I chose to study at the University of Westminster because it offers the unique opportunity to study a law degree and the Legal Practice Course in a seamless, four-year course.

I am grateful for the friends that I have made at the University. I feel that studying in the city has given me the opportunity to meet a more diverse range of people from all different walks of life and from different parts of the world. We have shared our experiences – both the high’s and the low’s – and watched as each and every one of us have progressed and discovered which area of law or which career path we wish to go into. There is a real sense of community at the University and the tutors are always there to offer their support and guidance, especially now that we are approaching the final stages.

The thing that I have found the most challenging throughout my degree was drafting coursework to the standard required at undergraduate level. At the start, I struggled to focus my research on the essay title and instead, found myself including irrelevant and unnecessary points. In order to improve on this, I found it helpful to speak to my tutors to discuss my work. I also decided to make use of the legal skills textbooks available in the library, as well as signing up to any tutorial classes for Westlaw or LexisNexis. By seeking help, I was able to identify my weaknesses.

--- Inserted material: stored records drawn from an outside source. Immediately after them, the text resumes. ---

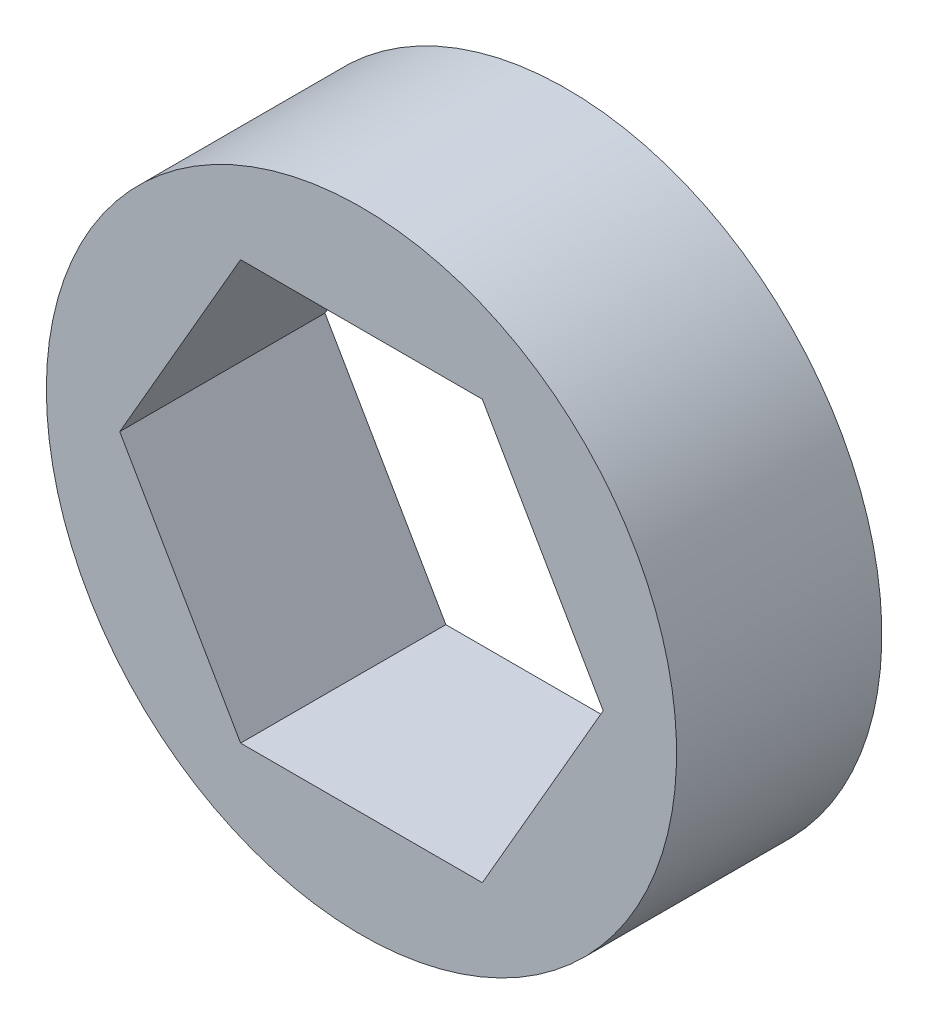
ISO-10303-21;
HEADER;
FILE_DESCRIPTION(('STEP AP214'),'2;1');
FILE_NAME('part.step','',(''),(''),'','','');
FILE_SCHEMA(('AUTOMOTIVE_DESIGN { 1 0 10303 214 1 1 1 1 }'));
ENDSEC;
DATA;
#1=APPLICATION_CONTEXT('core data for automotive mechanical design processes');
#2=APPLICATION_PROTOCOL_DEFINITION('international standard','automotive_design',2000,#1);
#3=PRODUCT_CONTEXT('',#1,'mechanical');
#4=PRODUCT('Part','Part','',(#3));
#5=PRODUCT_RELATED_PRODUCT_CATEGORY('part','',(#4));
#6=PRODUCT_DEFINITION_FORMATION('','',#4);
#7=PRODUCT_DEFINITION_CONTEXT('part definition',#1,'design');
#8=PRODUCT_DEFINITION('design','',#6,#7);
#9=PRODUCT_DEFINITION_SHAPE('','',#8);
#10=(LENGTH_UNIT() NAMED_UNIT(*) SI_UNIT(.MILLI.,.METRE.));
#11=(NAMED_UNIT(*) PLANE_ANGLE_UNIT() SI_UNIT($,.RADIAN.));
#12=(NAMED_UNIT(*) SI_UNIT($,.STERADIAN.) SOLID_ANGLE_UNIT());
#13=UNCERTAINTY_MEASURE_WITH_UNIT(LENGTH_MEASURE(1.E-05),#10,'distance_accuracy_value','');
#14=(GEOMETRIC_REPRESENTATION_CONTEXT(3) GLOBAL_UNCERTAINTY_ASSIGNED_CONTEXT((#13)) GLOBAL_UNIT_ASSIGNED_CONTEXT((#10,
#11,#12)) REPRESENTATION_CONTEXT('',''));
#15=CARTESIAN_POINT('',(0.,0.,0.));
#16=DIRECTION('',(0.,0.,1.));
#17=DIRECTION('',(1.,0.,0.));
#18=AXIS2_PLACEMENT_3D('',#15,#16,#17);
#19=CARTESIAN_POINT('',(-7.47899538708241,0.,3.175));
#20=DIRECTION('',(0.866025403784439,0.5,0.));
#21=DIRECTION('',(-0.5,0.866025403784439,0.));
#22=AXIS2_PLACEMENT_3D('',#19,#20,#21);
#23=PLANE('',#22);
#24=DIRECTION('',(-0.5,0.866025403784438,0.));
#25=VECTOR('',#24,1.);
#26=CARTESIAN_POINT('',(-3.73949769354121,-6.477,3.175));
#27=LINE('',#26,#25);
#28=CARTESIAN_POINT('',(-3.73949769354121,-6.477,3.175));
#29=VERTEX_POINT('',#28);
#30=CARTESIAN_POINT('',(-7.47899538708241,0.,3.175));
#31=VERTEX_POINT('',#30);
#32=EDGE_CURVE('E83',#29,#31,#27,.T.);
#33=ORIENTED_EDGE('',*,*,#32,.F.);
#34=DIRECTION('',(0.,0.,1.));
#35=VECTOR('',#34,1.);
#36=CARTESIAN_POINT('',(-3.73949769354121,-6.477,3.175));
#37=LINE('',#36,#35);
#38=CARTESIAN_POINT('',(-3.73949769354121,-6.477,-3.175));
#39=VERTEX_POINT('',#38);
#40=EDGE_CURVE('E75',#39,#29,#37,.T.);
#41=ORIENTED_EDGE('',*,*,#40,.F.);
#42=DIRECTION('',(-0.5,0.866025403784439,0.));
#43=VECTOR('',#42,1.);
#44=CARTESIAN_POINT('',(-3.73949769354121,-6.477,-3.175));
#45=LINE('',#44,#43);
#46=CARTESIAN_POINT('',(-7.47899538708241,0.,-3.175));
#47=VERTEX_POINT('',#46);
#48=EDGE_CURVE('E115',#39,#47,#45,.T.);
#49=ORIENTED_EDGE('',*,*,#48,.T.);
#50=DIRECTION('',(0.,0.,1.));
#51=VECTOR('',#50,1.);
#52=CARTESIAN_POINT('',(-7.47899538708241,0.,3.175));
#53=LINE('',#52,#51);
#54=EDGE_CURVE('E100',#31,#47,#53,.F.);
#55=ORIENTED_EDGE('',*,*,#54,.F.);
#56=EDGE_LOOP('',(#33,#41,#49,#55));
#57=FACE_BOUND('',#56,.T.);
#58=ADVANCED_FACE('F16',(#57),#23,.T.);
#59=CARTESIAN_POINT('',(-3.73949769354121,6.477,3.175));
#60=DIRECTION('',(0.866025403784439,-0.5,0.));
#61=DIRECTION('',(0.5,0.866025403784439,0.));
#62=AXIS2_PLACEMENT_3D('',#59,#60,#61);
#63=PLANE('',#62);
#64=DIRECTION('',(0.5,0.866025403784439,0.));
#65=VECTOR('',#64,1.);
#66=CARTESIAN_POINT('',(-7.47899538708242,0.,3.175));
#67=LINE('',#66,#65);
#68=CARTESIAN_POINT('',(-3.73949769354121,6.477,3.175));
#69=VERTEX_POINT('',#68);
#70=EDGE_CURVE('E108',#31,#69,#67,.T.);
#71=ORIENTED_EDGE('',*,*,#70,.F.);
#72=ORIENTED_EDGE('',*,*,#54,.T.);
#73=DIRECTION('',(0.5,0.866025403784439,0.));
#74=VECTOR('',#73,1.);
#75=CARTESIAN_POINT('',(-7.47899538708241,0.,-3.175));
#76=LINE('',#75,#74);
#77=CARTESIAN_POINT('',(-3.73949769354121,6.477,-3.175));
#78=VERTEX_POINT('',#77);
#79=EDGE_CURVE('E106',#47,#78,#76,.T.);
#80=ORIENTED_EDGE('',*,*,#79,.T.);
#81=DIRECTION('',(0.,0.,1.));
#82=VECTOR('',#81,1.);
#83=CARTESIAN_POINT('',(-3.73949769354121,6.477,3.175));
#84=LINE('',#83,#82);
#85=EDGE_CURVE('E97',#69,#78,#84,.F.);
#86=ORIENTED_EDGE('',*,*,#85,.F.);
#87=EDGE_LOOP('',(#71,#72,#80,#86));
#88=FACE_BOUND('',#87,.T.);
#89=ADVANCED_FACE('F105',(#88),#63,.T.);
#90=CARTESIAN_POINT('',(3.7394976935412,6.477,3.175));
#91=DIRECTION('',(0.,-1.,0.));
#92=DIRECTION('',(1.,0.,0.));
#93=AXIS2_PLACEMENT_3D('',#90,#91,#92);
#94=PLANE('',#93);
#95=DIRECTION('',(1.,0.,0.));
#96=VECTOR('',#95,1.);
#97=CARTESIAN_POINT('',(0.,6.477,3.175));
#98=LINE('',#97,#96);
#99=CARTESIAN_POINT('',(3.7394976935412,6.477,3.175));
#100=VERTEX_POINT('',#99);
#101=EDGE_CURVE('E125',#69,#100,#98,.T.);
#102=ORIENTED_EDGE('',*,*,#101,.F.);
#103=ORIENTED_EDGE('',*,*,#85,.T.);
#104=DIRECTION('',(1.,0.,0.));
#105=VECTOR('',#104,1.);
#106=CARTESIAN_POINT('',(0.,6.477,-3.175));
#107=LINE('',#106,#105);
#108=CARTESIAN_POINT('',(3.7394976935412,6.477,-3.175));
#109=VERTEX_POINT('',#108);
#110=EDGE_CURVE('E117',#78,#109,#107,.T.);
#111=ORIENTED_EDGE('',*,*,#110,.T.);
#112=DIRECTION('',(0.,0.,1.));
#113=VECTOR('',#112,1.);
#114=CARTESIAN_POINT('',(3.7394976935412,6.47700000000001,3.175));
#115=LINE('',#114,#113);
#116=EDGE_CURVE('E94',#100,#109,#115,.F.);
#117=ORIENTED_EDGE('',*,*,#116,.F.);
#118=EDGE_LOOP('',(#102,#103,#111,#117));
#119=FACE_BOUND('',#118,.T.);
#120=ADVANCED_FACE('F134',(#119),#94,.T.);
#121=CARTESIAN_POINT('',(7.47899538708241,0.,3.175));
#122=DIRECTION('',(-0.866025403784439,-0.5,0.));
#123=DIRECTION('',(0.5,-0.866025403784439,0.));
#124=AXIS2_PLACEMENT_3D('',#121,#122,#123);
#125=PLANE('',#124);
#126=DIRECTION('',(0.5,-0.866025403784438,0.));
#127=VECTOR('',#126,1.);
#128=CARTESIAN_POINT('',(3.7394976935412,6.477,3.175));
#129=LINE('',#128,#127);
#130=CARTESIAN_POINT('',(7.47899538708242,0.,3.175));
#131=VERTEX_POINT('',#130);
#132=EDGE_CURVE('E88',#100,#131,#129,.T.);
#133=ORIENTED_EDGE('',*,*,#132,.F.);
#134=ORIENTED_EDGE('',*,*,#116,.T.);
#135=DIRECTION('',(0.5,-0.866025403784438,0.));
#136=VECTOR('',#135,1.);
#137=CARTESIAN_POINT('',(3.7394976935412,6.477,-3.175));
#138=LINE('',#137,#136);
#139=CARTESIAN_POINT('',(7.47899538708241,0.,-3.175));
#140=VERTEX_POINT('',#139);
#141=EDGE_CURVE('E119',#109,#140,#138,.T.);
#142=ORIENTED_EDGE('',*,*,#141,.T.);
#143=DIRECTION('',(0.,0.,1.));
#144=VECTOR('',#143,1.);
#145=CARTESIAN_POINT('',(7.47899538708242,0.,3.175));
#146=LINE('',#145,#144);
#147=EDGE_CURVE('E64',#131,#140,#146,.F.);
#148=ORIENTED_EDGE('',*,*,#147,.F.);
#149=EDGE_LOOP('',(#133,#134,#142,#148));
#150=FACE_BOUND('',#149,.T.);
#151=ADVANCED_FACE('F131',(#150),#125,.T.);
#152=CARTESIAN_POINT('',(3.73949769354121,-6.477,3.175));
#153=DIRECTION('',(-0.866025403784439,0.5,0.));
#154=DIRECTION('',(-0.5,-0.866025403784439,0.));
#155=AXIS2_PLACEMENT_3D('',#152,#153,#154);
#156=PLANE('',#155);
#157=DIRECTION('',(-0.5,-0.866025403784439,0.));
#158=VECTOR('',#157,1.);
#159=CARTESIAN_POINT('',(7.47899538708241,0.,3.175));
#160=LINE('',#159,#158);
#161=CARTESIAN_POINT('',(3.73949769354121,-6.477,3.175));
#162=VERTEX_POINT('',#161);
#163=EDGE_CURVE('E70',#131,#162,#160,.T.);
#164=ORIENTED_EDGE('',*,*,#163,.F.);
#165=ORIENTED_EDGE('',*,*,#147,.T.);
#166=DIRECTION('',(-0.5,-0.866025403784439,0.));
#167=VECTOR('',#166,1.);
#168=CARTESIAN_POINT('',(7.47899538708241,0.,-3.175));
#169=LINE('',#168,#167);
#170=CARTESIAN_POINT('',(3.73949769354121,-6.477,-3.175));
#171=VERTEX_POINT('',#170);
#172=EDGE_CURVE('E32',#140,#171,#169,.T.);
#173=ORIENTED_EDGE('',*,*,#172,.T.);
#174=DIRECTION('',(0.,0.,1.));
#175=VECTOR('',#174,1.);
#176=CARTESIAN_POINT('',(3.73949769354121,-6.477,3.175));
#177=LINE('',#176,#175);
#178=EDGE_CURVE('E66',#162,#171,#177,.F.);
#179=ORIENTED_EDGE('',*,*,#178,.F.);
#180=EDGE_LOOP('',(#164,#165,#173,#179));
#181=FACE_BOUND('',#180,.T.);
#182=ADVANCED_FACE('F68',(#181),#156,.T.);
#183=CARTESIAN_POINT('',(-3.73949769354121,-6.477,3.175));
#184=DIRECTION('',(0.,1.,0.));
#185=DIRECTION('',(0.,0.,1.));
#186=AXIS2_PLACEMENT_3D('',#183,#184,#185);
#187=PLANE('',#186);
#188=DIRECTION('',(1.,0.,0.));
#189=VECTOR('',#188,1.);
#190=CARTESIAN_POINT('',(0.,-6.477,3.175));
#191=LINE('',#190,#189);
#192=EDGE_CURVE('E78',#162,#29,#191,.F.);
#193=ORIENTED_EDGE('',*,*,#192,.F.);
#194=ORIENTED_EDGE('',*,*,#178,.T.);
#195=DIRECTION('',(1.,0.,0.));
#196=VECTOR('',#195,1.);
#197=CARTESIAN_POINT('',(0.,-6.477,-3.175));
#198=LINE('',#197,#196);
#199=EDGE_CURVE('E127',#171,#39,#198,.F.);
#200=ORIENTED_EDGE('',*,*,#199,.T.);
#201=ORIENTED_EDGE('',*,*,#40,.T.);
#202=EDGE_LOOP('',(#193,#194,#200,#201));
#203=FACE_BOUND('',#202,.T.);
#204=ADVANCED_FACE('F79',(#203),#187,.T.);
#205=CARTESIAN_POINT('',(0.,0.,3.175));
#206=DIRECTION('',(0.,0.,1.));
#207=DIRECTION('',(1.,0.,0.));
#208=AXIS2_PLACEMENT_3D('',#205,#206,#207);
#209=PLANE('',#208);
#210=ORIENTED_EDGE('',*,*,#101,.T.);
#211=ORIENTED_EDGE('',*,*,#132,.T.);
#212=ORIENTED_EDGE('',*,*,#163,.T.);
#213=ORIENTED_EDGE('',*,*,#192,.T.);
#214=ORIENTED_EDGE('',*,*,#32,.T.);
#215=ORIENTED_EDGE('',*,*,#70,.T.);
#216=EDGE_LOOP('',(#210,#211,#212,#213,#214,#215));
#217=FACE_BOUND('',#216,.T.);
#218=CARTESIAN_POINT('',(0.,0.,3.175));
#219=DIRECTION('',(0.,0.,-1.));
#220=DIRECTION('',(-1.,0.,0.));
#221=AXIS2_PLACEMENT_3D('',#218,#219,#220);
#222=CIRCLE('',#221,9.75);
#223=CARTESIAN_POINT('',(-9.75,0.,3.175));
#224=VERTEX_POINT('',#223);
#225=EDGE_CURVE('E19',#224,#224,#222,.T.);
#226=ORIENTED_EDGE('',*,*,#225,.F.);
#227=EDGE_LOOP('',(#226));
#228=FACE_BOUND('',#227,.T.);
#229=ADVANCED_FACE('F86',(#217,#228),#209,.T.);
#230=CARTESIAN_POINT('',(0.,0.,-3.175));
#231=DIRECTION('',(0.,0.,1.));
#232=DIRECTION('',(1.,0.,0.));
#233=AXIS2_PLACEMENT_3D('',#230,#231,#232);
#234=PLANE('',#233);
#235=ORIENTED_EDGE('',*,*,#172,.F.);
#236=ORIENTED_EDGE('',*,*,#141,.F.);
#237=ORIENTED_EDGE('',*,*,#110,.F.);
#238=ORIENTED_EDGE('',*,*,#79,.F.);
#239=ORIENTED_EDGE('',*,*,#48,.F.);
#240=ORIENTED_EDGE('',*,*,#199,.F.);
#241=EDGE_LOOP('',(#235,#236,#237,#238,#239,#240));
#242=FACE_BOUND('',#241,.T.);
#243=CARTESIAN_POINT('',(0.,0.,-3.175));
#244=DIRECTION('',(0.,0.,-1.));
#245=DIRECTION('',(-1.,0.,0.));
#246=AXIS2_PLACEMENT_3D('',#243,#244,#245);
#247=CIRCLE('',#246,9.75);
#248=CARTESIAN_POINT('',(-9.75,0.,-3.175));
#249=VERTEX_POINT('',#248);
#250=EDGE_CURVE('E11',#249,#249,#247,.F.);
#251=ORIENTED_EDGE('',*,*,#250,.F.);
#252=EDGE_LOOP('',(#251));
#253=FACE_BOUND('',#252,.T.);
#254=ADVANCED_FACE('F113',(#242,#253),#234,.F.);
#255=CARTESIAN_POINT('',(0.,0.,3.175));
#256=DIRECTION('',(0.,0.,-1.));
#257=DIRECTION('',(-1.,0.,0.));
#258=AXIS2_PLACEMENT_3D('',#255,#256,#257);
#259=CYLINDRICAL_SURFACE('',#258,9.75);
#260=ORIENTED_EDGE('',*,*,#250,.T.);
#261=EDGE_LOOP('',(#260));
#262=FACE_BOUND('',#261,.T.);
#263=ORIENTED_EDGE('',*,*,#225,.T.);
#264=EDGE_LOOP('',(#263));
#265=FACE_BOUND('',#264,.T.);
#266=ADVANCED_FACE('F143',(#262,#265),#259,.T.);
#267=CLOSED_SHELL('',(#58,#89,#120,#151,#182,#204,#229,#254,#266));
#268=MANIFOLD_SOLID_BREP('B1',#267);
#269=ADVANCED_BREP_SHAPE_REPRESENTATION('',(#18,#268),#14);
#270=SHAPE_DEFINITION_REPRESENTATION(#9,#269);
ENDSEC;
END-ISO-10303-21;

I believe that University is about being self-motivated throughout the entirety of the degree and to make the mistakes at this stage so that you can learn from them in the future.

Over the past four years, I have spent a lot of time applying for various positions. Initially, I was not overly picky with where I wanted to be placed; I simply wanted to build on my C.V and gain practical experience. Although I think it is important to show consistency throughout your C.V, I feel that by keeping an open mind about the law firm in which I wanted to be placed, and the sector that I wanted to work in, I was able me to make a well-informed and reasoned decision about my chosen career path. I have gained a wealth of experience in different legal sectors; from local law firms specialising in both private and commercial law, to completing a mini-pupillage in Chambers. For me, it all culminated in my work experience at Eversheds LLP. From the moment I walked through the door, I knew that this was the law firm for me. I decided to apply for a training contract with the firm, and after an emotional and stressful 6-month process, I was delighted to hear that I had been successful in securing a place. What is even better is that, because I am currently studying my LPC, I have been asked to start my training in September 2016, rather than in 2017.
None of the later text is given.